**Exercise requirements**
Print only the lines from the top of the data through the line with "doc.linetypes.add('Dashed', pattern=[0.75, 0.5, -0.25])", both included, skipping every picture.

- - - - - - -

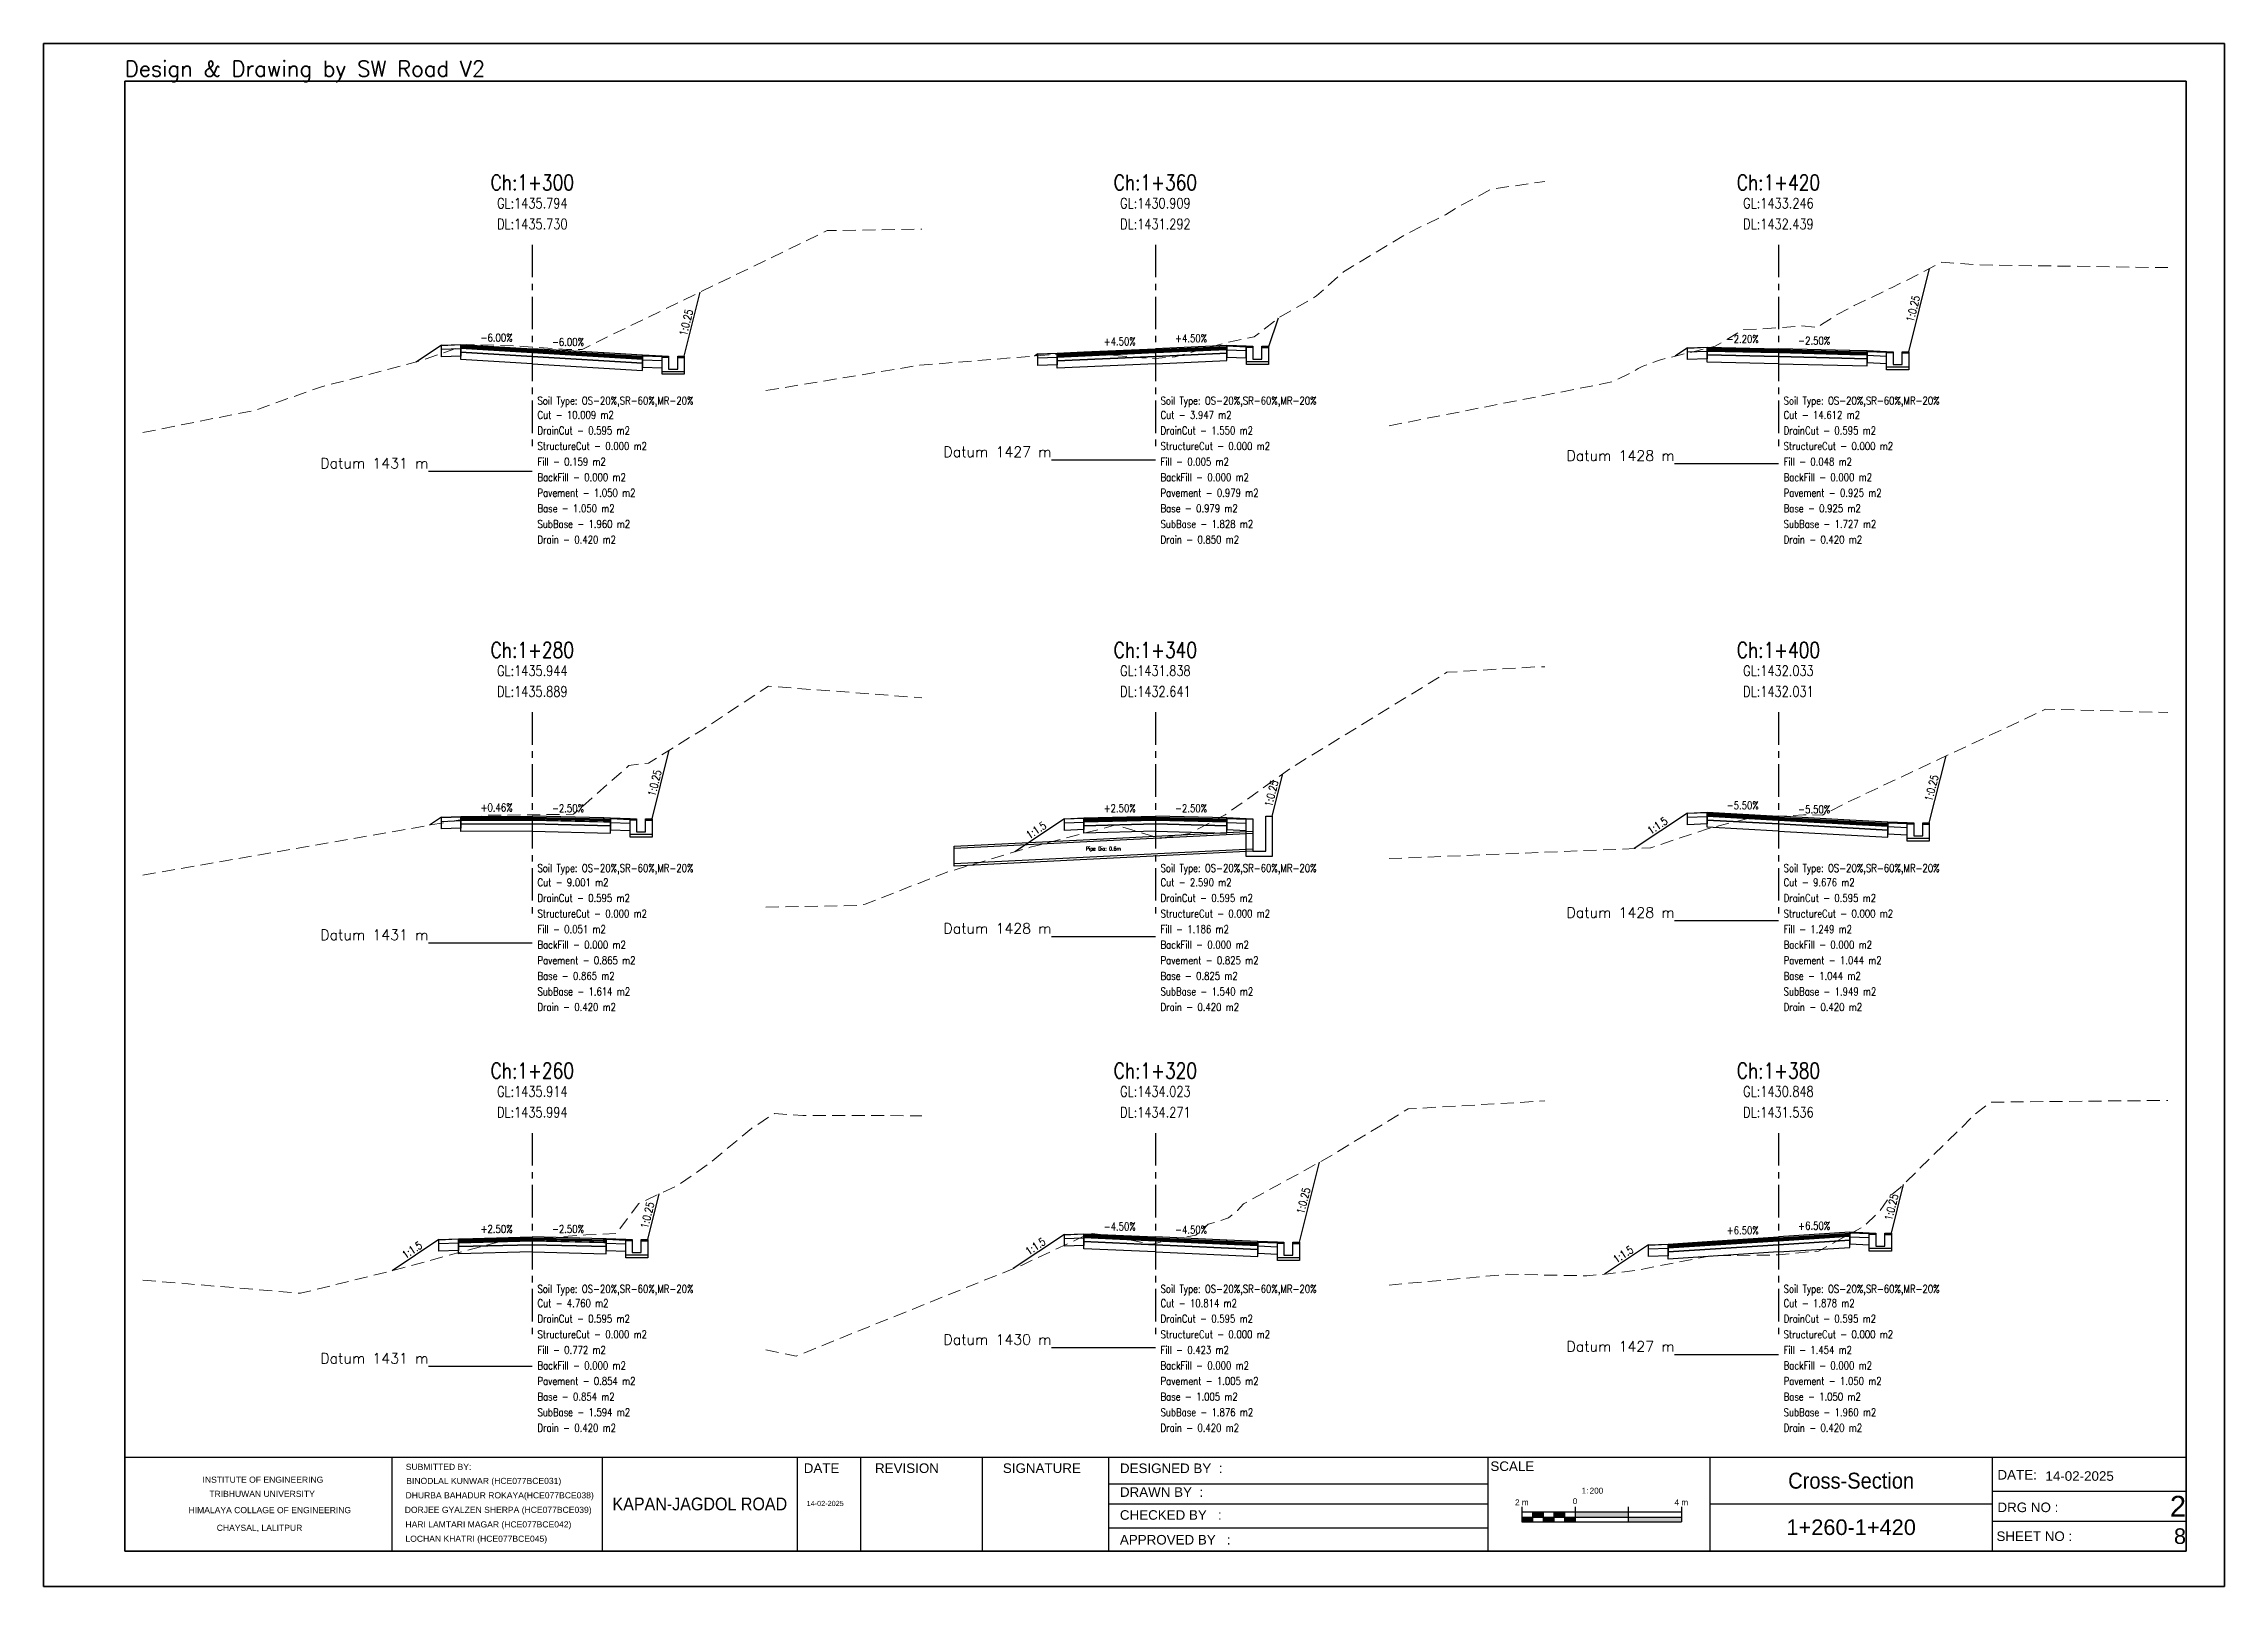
# Model space of a CAD drawing. Extents: x -19 to 1577, y -12 to 48.
# Drawn here: x 737.2 to 821.2, y -11.7 to 47.7 of the extents above; entities that cross this region are included whole.
import ezdxf
from ezdxf.enums import TextEntityAlignment as Align

# ---------------------------------------------------------------- set-up
doc = ezdxf.new("R2010")
doc.units = 0
doc.header["$MEASUREMENT"] = 0
doc.linetypes.add('Center', pattern=[2, 1.25, -0.25, 0.25, -0.25])
doc.linetypes.add('Dashed', pattern=[0.75, 0.5, -0.25])
for name, color, linetype in [('BackFill-Area', 7, 'Continuous'), ('Base', 6, 'Continuous'), ('Base-Area', 7, 'Continuous'), ('Cut-Area', 7, 'Continuous'), ('CutFillLine', 4, 'Continuous'), ('Drain', 3, 'Continuous'), ('Drain-Area', 7, 'Continuous'), ('DrainCut-Area', 7, 'Continuous'), ('ExtraWideningLayers', 7, 'Continuous'), ('Fill-Area', 7, 'Continuous'), ('Frame', 7, 'Continuous'), ('L_CF_Slope', 7, 'Continuous'), ('L_Slope', 7, 'Continuous'), ('Pavement-Area', 7, 'Continuous'), ('PavementLayers', 1, 'Continuous'), ('PipeCulvert', 6, 'Continuous'), ('R_CF_Slope', 7, 'Continuous'), ('R_Slope', 7, 'Continuous'), ('Shoulder', 2, 'Continuous'), ('Soil Type', 7, 'Continuous'), ('StructureCut-Area', 7, 'Continuous'), ('SubBase', 7, 'Continuous'), ('SubBase-Area', 7, 'Continuous')]:
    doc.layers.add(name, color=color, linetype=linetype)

- - - - - - -

**Response to the exercise**
# Model space of a CAD drawing. Extents: x -19 to 1577, y -12 to 48.
# Drawn here: x 737.2 to 821.2, y -11.7 to 47.7 of the extents above; entities that cross this region are included whole.
import ezdxf
from ezdxf.enums import TextEntityAlignment as Align

# ---------------------------------------------------------------- set-up
doc = ezdxf.new("R2010")
doc.units = 0
doc.header["$MEASUREMENT"] = 0
doc.linetypes.add('Center', pattern=[2, 1.25, -0.25, 0.25, -0.25])
doc.linetypes.add('Dashed', pattern=[0.75, 0.5, -0.25])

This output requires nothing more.